# Samsung galaxy s3 bezel replacement.



## William321

Hi I have a pebble blue Samsung galaxy s3 and it's been bumped around and there are very deep dints and scratches all around the bezel. There are cheap bezel replacements online, but what I'm saying is, if I buy this replacement for the bezel will I have to buy a new screen so it can be placed together again? Or am I able to take the LCD glass lens and the digitizer out and install the bezel around the phone?
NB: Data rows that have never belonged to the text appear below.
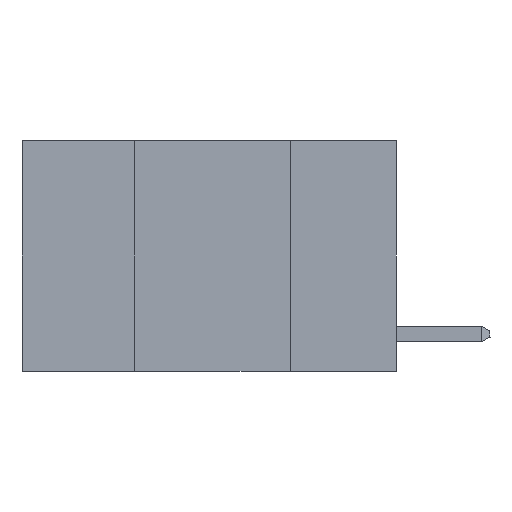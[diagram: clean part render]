
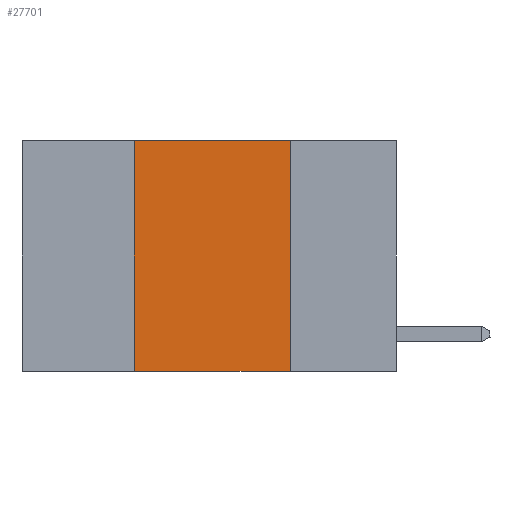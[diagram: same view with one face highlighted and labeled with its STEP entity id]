
A CAD part, left-side view. The second image highlights one B-rep face of the part: STEP entity #27701.
In plain terms, the highlighted planar face has unit normal (-1, 0, 0).
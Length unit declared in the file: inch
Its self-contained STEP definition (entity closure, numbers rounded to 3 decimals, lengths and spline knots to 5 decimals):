
#356 = DIRECTION ( 'NONE',  ( 0., 0., -1. ) ) ;
#2273 = ORIENTED_EDGE ( 'NONE', *, *, #28551, .F. ) ;
#4686 = CARTESIAN_POINT ( 'NONE',  ( 0., 0.42, 0. ) ) ;
#5369 = CARTESIAN_POINT ( 'NONE',  ( 0., 0.6, -0.37 ) ) ;
#5449 = CARTESIAN_POINT ( 'NONE',  ( 0., 0.6, 0. ) ) ;
#6629 = EDGE_CURVE ( 'NONE', #22915, #19892, #18183, .T. ) ;
#6676 = DIRECTION ( 'NONE',  ( 0., 0., 1. ) ) ;
#7526 = CARTESIAN_POINT ( 'NONE',  ( 0., 0.6, 0. ) ) ;
#7640 = DIRECTION ( 'NONE',  ( 0., -1., 0. ) ) ;
#7707 = AXIS2_PLACEMENT_3D ( 'NONE', #5449, #21152, #7824 ) ;
#7720 = PLANE ( 'NONE',  #7707 ) ;
#7824 = DIRECTION ( 'NONE',  ( 0., 0., -1. ) ) ;
#8855 = VERTEX_POINT ( 'NONE', #28673 ) ;
#9504 = ORIENTED_EDGE ( 'NONE', *, *, #10529, .F. ) ;
#9581 = VECTOR ( 'NONE', #6676, 39.37008 ) ;
#9766 = DIRECTION ( 'NONE',  ( 0., -1., 0. ) ) ;
#10529 = EDGE_CURVE ( 'NONE', #19892, #8855, #12640, .T. ) ;
#11515 = VECTOR ( 'NONE', #9766, 39.37008 ) ;
#11759 = ORIENTED_EDGE ( 'NONE', *, *, #15183, .T. ) ;
#12640 = LINE ( 'NONE', #27065, #23789 ) ;
#14880 = FACE_OUTER_BOUND ( 'NONE', #19696, .T. ) ;
#15183 = EDGE_CURVE ( 'NONE', #25685, #8855, #21731, .T. ) ;
#15522 = LINE ( 'NONE', #22279, #9581 ) ;
#18183 = LINE ( 'NONE', #7526, #11515 ) ;
#18549 = CARTESIAN_POINT ( 'NONE',  ( 0., 0.42, -0.37 ) ) ;
#19211 = ORIENTED_EDGE ( 'NONE', *, *, #6629, .F. ) ;
#19696 = EDGE_LOOP ( 'NONE', ( #9504, #19211, #2273, #11759 ) ) ;
#19892 = VERTEX_POINT ( 'NONE', #23066 ) ;
#21152 = DIRECTION ( 'NONE',  ( 1., 0., 0. ) ) ;
#21731 = LINE ( 'NONE', #5369, #26237 ) ;
#22279 = CARTESIAN_POINT ( 'NONE',  ( 0., 0.42, 0. ) ) ;
#22915 = VERTEX_POINT ( 'NONE', #4686 ) ;
#23066 = CARTESIAN_POINT ( 'NONE',  ( 0., 0.17, 0. ) ) ;
#23789 = VECTOR ( 'NONE', #356, 39.37008 ) ;
#25685 = VERTEX_POINT ( 'NONE', #18549 ) ;
#26237 = VECTOR ( 'NONE', #7640, 39.37008 ) ;
#27065 = CARTESIAN_POINT ( 'NONE',  ( 0., 0.17, 0. ) ) ;
#27701 = ADVANCED_FACE ( 'NONE', ( #14880 ), #7720, .F. ) ;
#28551 = EDGE_CURVE ( 'NONE', #25685, #22915, #15522, .T. ) ;
#28673 = CARTESIAN_POINT ( 'NONE',  ( 0., 0.17, -0.37 ) ) ;

I do know that the LCD lens is stuck to the digitizer.. Please help,


----------



## Masterchiefxx17

Follow and watch this here:

Samsung Galaxy S3 Disassembly & Assembly - Drop Test Repair - YouTube


----------



## William321

Thankyou, although I just want to know of its possible, I have slow crappy Internet speeds to watch YouTube videos


----------



## Masterchiefxx17

You'll have to buy a whole new frame and most likely the screen if you don't want to spend hours getting it apart.


----------



## William321

I will take it apart, but I won't buy a new screen


----------



## Masterchiefxx17

You may want to watch this too:

Galaxy S3 Screen Replacement - Frame Change - YouTube


----------



## William321

Thanks so much for your Time.


----------



## Masterchiefxx17

No problem!


----------



## croqz71

Do you know if you can use the electronics out of a Verizon galaxy S3 (SCH-i535) in the bezel of a Sprint galaxy s3? They seem to be exactly the same bezel. Only difference should be software?


----------